# How do you change your signature?



## TwoRoos

I can't find a way to do it in my profile. Can anyone help?


----------



## PrincessShmoo

TwoRoos said:


> I can't find a way to do it in my profile. Can anyone help?


Hover over your username in the upper right, click on "signature".  That's where you do it.


----------



## TwoRoos

Thank you!


----------



## grannyminnie

PrincessShmoo said:


> Hover over your username in the upper right, click on "signature".  That's where you do it.


I am trying to edit mine and cannot figure out how to delete my most recent vacation countdown.  
Help!


----------



## PrincessShmoo

grannyminnie said:


> I am trying to edit mine and cannot figure out how to delete my most recent vacation countdown.
> Help!


Well, I haven't had to remove one, but, I think you need to identify the code that's making the picture and delete that.  Or, if it shows as a picture on your signature, just click on it (should highlight it) and hit "delete".

That's all I can suggest.


----------



## grannyminnie

PrincessShmoo said:


> Well, I haven't had to remove one, but, I think you need to identify the code that's making the picture and delete that.  Or, if it shows as a picture on your signature, just click on it (should highlight it) and hit "delete".
> 
> That's all I can suggest.


Thank you!


----------



## DisneyBelle_x

Do you need a certain amount of posts to have one? i could do it from my old account but not this one (wanted a username change incase you're wondering how comes I've a new account)


----------



## PrincessShmoo

DisneyBelle_x said:


> Do you need a certain amount of posts to have one? i could do it from my old account but not this one (wanted a username change incase you're wondering how comes I've a new account)
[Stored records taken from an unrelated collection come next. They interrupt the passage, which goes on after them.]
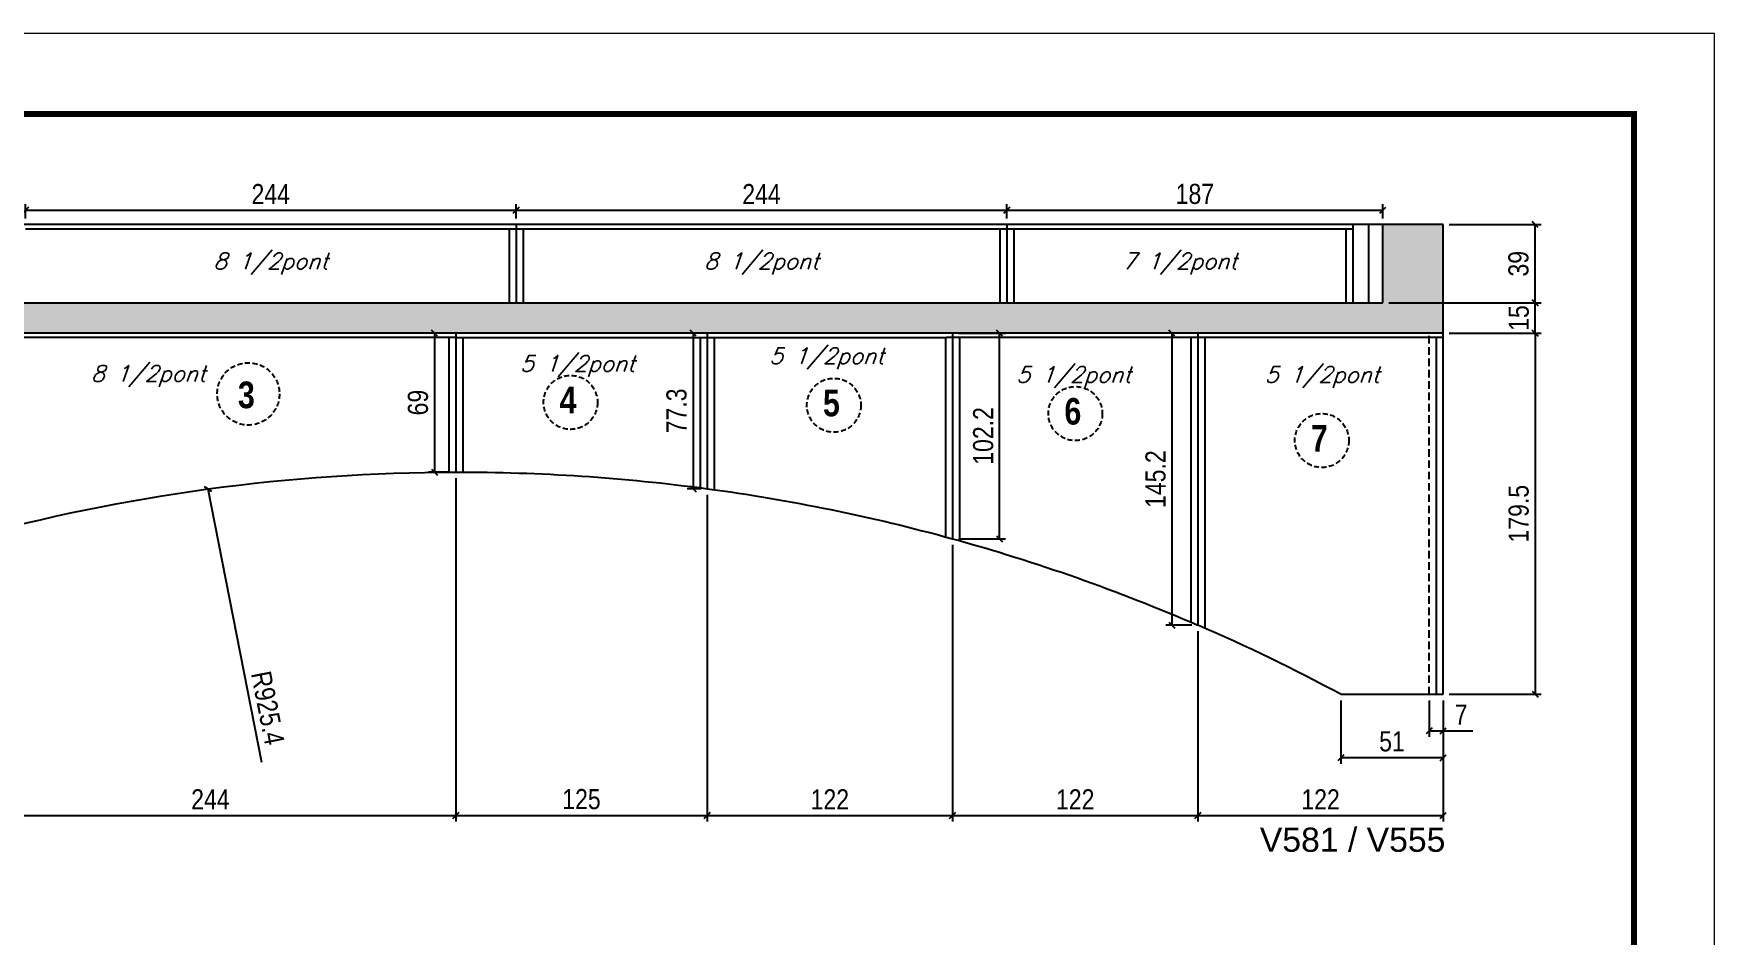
# Model space of a CAD drawing. Extents: x -15895 to 12929, y -2522 to 15173.
# Drawn here: x 7156 to 7991, y 4971 to 5419 of the extents above; entities that cross this region are included whole.
import ezdxf

# ---------------------------------------------------------------- set-up
doc = ezdxf.new("R2010")
doc.units = 0
doc.header["$PDMODE"] = 35
doc.header["$PDSIZE"] = -10
doc.linetypes.add('DASHED', pattern=[0.75, 0.5, -0.25])
doc.linetypes.add('HIDDEN', pattern=[0.375, 0.25, -0.125])
for name, color, linetype in [('5', 5, 'Continuous'), ('COTA', 241, 'Continuous'), ('NOMENCLATURA', 7, 'Continuous'), ('Painéis', 200, 'Continuous'), ('SARR_2.2x7', 40, 'Continuous'), ('SARR_3.5x7', 81, 'Continuous'), ('texto', 7, 'Continuous')]:
    doc.layers.add(name, color=color, linetype=linetype)
doc.layers.add('Folhas', color=255, linetype='Continuous', lineweight=9)
doc.layers.add('SARRAFO DE PRESSAO', color=251, linetype='DASHED', lineweight=9)
doc.styles.add('COTA TECNICA', font='techl___.ttf', dxfattribs={"height": 10})
doc.styles.add('Romans', font='romans.shx')
doc.styles.get("Standard").update_dxf_attribs({"font": 'arial.ttf'})
doc.styles.add('TECNICA', font='techb___.ttf', dxfattribs={"height": 10})
doc.dimstyles.new('PAINEL', dxfattribs={"dimtxt": 10, "dimasz": 3, "dimexe": 3, "dimexo": 3, "dimgap": 3, "dimtad": 1, "dimdec": 1, "dimzin": 12, "dimdsep": 46, "dimtxsty": 'COTA TECNICA', "dimblk1": 'OBLIQUE', "dimblk2": 'OBLIQUE', "dimsah": 1, "dimcen": 0.9, "dimclrd": 4, "dimclre": 4, "dimclrt": 240, "dimadec": 1, "dimazin": 3, "dimtfac": 1, "dimtdec": 1, "dimtmove": 0, "dimatfit": 3, "dimfxl": 1, "dimtolj": 1, "dimtzin": 12, "dimarcsym": 0})

# ---------------------------------------------------------------- blocks, each defined once
blk = doc.blocks.new('9999999999')
at = {"layer": 'Folhas'}
blk.add_lwpolyline([(98138.98, 34190.21), (99623.98, 34190.21), (99623.98, 35240.21), (98138.98, 35240.21)], close=True, dxfattribs=at)
at = {"layer": 'Folhas', "color": 30, "const_width": 3}
blk.add_lwpolyline([(98213.98, 34230.21), (99583.98, 34230.21), (99583.98, 35200.21), (98213.98, 35200.21)], close=True, dxfattribs=at)
blk = doc.blocks.new('_Oblique')
at = {"color": 0, "linetype": 'ByBlock', "lineweight": -2}
blk.add_line((-0.5, -0.5), (0.5, 0.5), dxfattribs=at)
blk = doc.blocks.new('*D1729')
at = {"layer": 'COTA', "color": 4, "lineweight": -2, "transparency": 16777216}
for p, q in [((7151.56, 5327.38), (7151.56, 5334.43)), ((7395.56, 5327.38), (7395.56, 5334.43)), ((7151.56, 5331.43), (7395.56, 5331.43))]:
    blk.add_line(p, q, dxfattribs=at)
at = {"layer": 'Defpoints', "color": 0, "transparency": 16777216}
for p in [(7151.56, 5324.38), (7395.56, 5331.43), (7395.56, 5324.38)]:
    blk.add_point(p, dxfattribs=at)
at = {"layer": 'COTA', "color": 4, "lineweight": -2, "transparency": 16777216, "xscale": 3, "yscale": 3, "zscale": 3, "rotation": 180}
blk.add_blockref('_Oblique', (7151.56, 5331.43), dxfattribs=at)
at = {"layer": 'COTA', "color": 4, "lineweight": -2, "transparency": 16777216, "xscale": 3, "yscale": 3, "zscale": 3}
blk.add_blockref('_Oblique', (7395.56, 5331.43), dxfattribs=at)
at = {"layer": 'COTA', "color": 240, "transparency": 16777216, "insert": (7273.56, 5339.5), "char_height": 10, "attachment_point": 5, "style": 'COTA TECNICA'}
blk.add_mtext('\\A1;244', dxfattribs=at)
blk = doc.blocks.new('*D1730')
at = {"layer": 'COTA', "color": 4, "lineweight": -2, "transparency": 16777216}
for p, q in [((7395.56, 5327.38), (7395.56, 5334.43)), ((7639.56, 5327.38), (7639.56, 5334.43)), ((7395.56, 5331.43), (7639.56, 5331.43))]:
    blk.add_line(p, q, dxfattribs=at)
at = {"layer": 'Defpoints', "color": 0, "transparency": 16777216}
for p in [(7395.56, 5324.38), (7639.56, 5331.43), (7639.56, 5324.38)]:
    blk.add_point(p, dxfattribs=at)
at = {"layer": 'COTA', "color": 4, "lineweight": -2, "transparency": 16777216, "xscale": 3, "yscale": 3, "zscale": 3, "rotation": 180}
blk.add_blockref('_Oblique', (7395.56, 5331.43), dxfattribs=at)
at = {"layer": 'COTA', "color": 4, "lineweight": -2, "transparency": 16777216, "xscale": 3, "yscale": 3, "zscale": 3}
blk.add_blockref('_Oblique', (7639.56, 5331.43), dxfattribs=at)
at = {"layer": 'COTA', "color": 240, "transparency": 16777216, "insert": (7517.56, 5339.5), "char_height": 10, "attachment_point": 5, "style": 'COTA TECNICA'}
blk.add_mtext('\\A1;244', dxfattribs=at)
blk = doc.blocks.new('*D1731')
at = {"layer": 'COTA', "color": 4, "lineweight": -2, "transparency": 16777216}
for p, q in [((7639.56, 5327.38), (7639.56, 5334.43)), ((7826.56, 5327.38), (7826.56, 5334.43)), ((7639.56, 5331.43), (7826.56, 5331.43))]:
    blk.add_line(p, q, dxfattribs=at)
at = {"layer": 'Defpoints', "color": 0, "transparency": 16777216}
for p in [(7639.56, 5324.38), (7826.56, 5331.43), (7826.56, 5324.38)]:
    blk.add_point(p, dxfattribs=at)
at = {"layer": 'COTA', "color": 4, "lineweight": -2, "transparency": 16777216, "xscale": 3, "yscale": 3, "zscale": 3, "rotation": 180}
blk.add_blockref('_Oblique', (7639.56, 5331.43), dxfattribs=at)
at = {"layer": 'COTA', "color": 4, "lineweight": -2, "transparency": 16777216, "xscale": 3, "yscale": 3, "zscale": 3}
blk.add_blockref('_Oblique', (7826.56, 5331.43), dxfattribs=at)
at = {"layer": 'COTA', "color": 240, "transparency": 16777216, "insert": (7733.06, 5339.53), "char_height": 10, "attachment_point": 5, "style": 'COTA TECNICA'}
blk.add_mtext('\\A1;187', dxfattribs=at)
blk = doc.blocks.new('*D1734')
at = {"layer": 'COTA', "color": 4, "lineweight": -2, "transparency": 16777216}
for p, q in [((7365.56, 5198.33), (7365.56, 5027.57)), ((7121.56, 5165.17), (7121.56, 5027.57)), ((7121.56, 5030.57), (7365.56, 5030.57))]:
    blk.add_line(p, q, dxfattribs=at)
at = {"layer": 'Defpoints', "color": 0, "transparency": 16777216}
for p in [(7365.56, 5201.33), (7121.56, 5168.17), (7365.56, 5030.57)]:
    blk.add_point(p, dxfattribs=at)
at = {"layer": 'COTA', "color": 4, "lineweight": -2, "transparency": 16777216, "xscale": 3, "yscale": 3, "zscale": 3, "rotation": 180}
blk.add_blockref('_Oblique', (7121.56, 5030.57), dxfattribs=at)
at = {"layer": 'COTA', "color": 4, "lineweight": -2, "transparency": 16777216, "xscale": 3, "yscale": 3, "zscale": 3}
blk.add_blockref('_Oblique', (7365.56, 5030.57), dxfattribs=at)
at = {"layer": 'COTA', "color": 240, "transparency": 16777216, "insert": (7243.56, 5038.64), "char_height": 10, "attachment_point": 5, "style": 'COTA TECNICA'}
blk.add_mtext('\\A1;244', dxfattribs=at)
blk = doc.blocks.new('*D1735')
at = {"layer": 'COTA', "color": 4, "lineweight": -2, "transparency": 16777216}
for p, q in [((7365.56, 5198.33), (7365.56, 5027.57)), ((7490.56, 5190.05), (7490.56, 5027.57)), ((7365.56, 5030.57), (7490.56, 5030.57))]:
    blk.add_line(p, q, dxfattribs=at)
at = {"layer": 'Defpoints', "color": 0, "transparency": 16777216}
for p in [(7365.56, 5201.33), (7490.56, 5193.05), (7490.56, 5030.57)]:
    blk.add_point(p, dxfattribs=at)
at = {"layer": 'COTA', "color": 4, "lineweight": -2, "transparency": 16777216, "xscale": 3, "yscale": 3, "zscale": 3, "rotation": 180}
blk.add_blockref('_Oblique', (7365.56, 5030.57), dxfattribs=at)
at = {"layer": 'COTA', "color": 4, "lineweight": -2, "transparency": 16777216, "xscale": 3, "yscale": 3, "zscale": 3}
blk.add_blockref('_Oblique', (7490.56, 5030.57), dxfattribs=at)
at = {"layer": 'COTA', "color": 240, "transparency": 16777216, "insert": (7428.06, 5038.68), "char_height": 10, "attachment_point": 5, "style": 'COTA TECNICA'}
blk.add_mtext('\\A1;125', dxfattribs=at)
blk = doc.blocks.new('*D1736')
at = {"layer": 'COTA', "color": 4, "lineweight": -2, "transparency": 16777216}
for p, q in [((7612.56, 5165.17), (7612.56, 5027.57)), ((7734.56, 5122.22), (7734.56, 5027.57)), ((7612.56, 5030.57), (7734.56, 5030.57))]:
    blk.add_line(p, q, dxfattribs=at)
at = {"layer": 'Defpoints', "color": 0, "transparency": 16777216}
for p in [(7612.56, 5168.17), (7734.56, 5125.22), (7734.56, 5030.57)]:
    blk.add_point(p, dxfattribs=at)
at = {"layer": 'COTA', "color": 4, "lineweight": -2, "transparency": 16777216, "xscale": 3, "yscale": 3, "zscale": 3, "rotation": 180}
blk.add_blockref('_Oblique', (7612.56, 5030.57), dxfattribs=at)
at = {"layer": 'COTA', "color": 4, "lineweight": -2, "transparency": 16777216, "xscale": 3, "yscale": 3, "zscale": 3}
blk.add_blockref('_Oblique', (7734.56, 5030.57), dxfattribs=at)
at = {"layer": 'COTA', "color": 240, "transparency": 16777216, "insert": (7673.56, 5038.63), "char_height": 10, "attachment_point": 5, "style": 'COTA TECNICA'}
blk.add_mtext('\\A1;122', dxfattribs=at)
blk = doc.blocks.new('*D1737')
at = {"layer": 'COTA', "color": 4, "lineweight": -2, "transparency": 16777216}
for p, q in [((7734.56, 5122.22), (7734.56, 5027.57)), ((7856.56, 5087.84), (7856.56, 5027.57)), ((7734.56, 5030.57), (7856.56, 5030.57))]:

On this new site, in order to have a profile picture, signature, or have conversations (PMs), you must have at least 10 posts.


----------



## DisneyBelle_x

PrincessShmoo said:


> On this new site, in order to have a profile picture, signature, or have conversations (PMs), you must have at least 10 posts.



thank you


----------



## AKP's Disney Dad

Finally got a TICKER.....YEA


----------



## AKP's Disney Dad

Holy Cow.....time is moving in slow motion......Ready to Cruise!  Aaaaaaaaahhhh.


----------



## FairyPrincessMerida

Oh I have an old account but can't edit my signature maybe you need 10 posts to do that too.


----------



## submarinelife

test


----------



## PrincessShmoo

FairyPrincessMerida said:


> Oh I have an old account but can't edit my signature maybe you need 10 posts to do that too.


Your account shows you joined in Feb 2014, but only have 10 posts (messages) currently.  You should be able to edit your signature soon (it take a little time for the system to recognize that you've reached that milestone).


----------



## crazy for the mouse

Is that how you get rid of the "Earning My Ears" designation?


----------



## PrincessShmoo

crazy for the mouse said:


> Is that how you get rid of the "Earning My Ears" designation?


If you want to, yes.


----------



## lanejudy

You can modify "Earning My Ears" in the Custom Title field of your Personal Details page, directly below where you add/change your avatar.  These features, in addition to the signature and ability to do Conversations, only opens after you have 10 posts.


----------



## AKP's Disney Dad

YoHoHo and a bottle of Rum...Look Out Norway, Here we come......


----------



## Toffeewoffy

I deleted my countdown as we're back now, but can't find a link to the tickers/countdowns in order to put a new image up.  Any help, please?

Ookaaaayyy, so that didn't work!  Probably forgot to click 'save'.  Anyway, I've now found the countdowns, but there doesn't appear to be a specific DVC Member one - or am I looking in the wrong place?  It would be nice to have something there while we're waiting to book our trip for next year.


----------



## Doug M

Wow, so found out I need 10 posts to make a link to my vacation countdown in a signature.  Couldn't ever find the signature field.  Thanks!


----------



## jillnorman

Doug M said:


> Wow, so found out I need 10 posts to make a link to my vacation countdown in a signature.  Couldn't ever find the signature field.  Thanks!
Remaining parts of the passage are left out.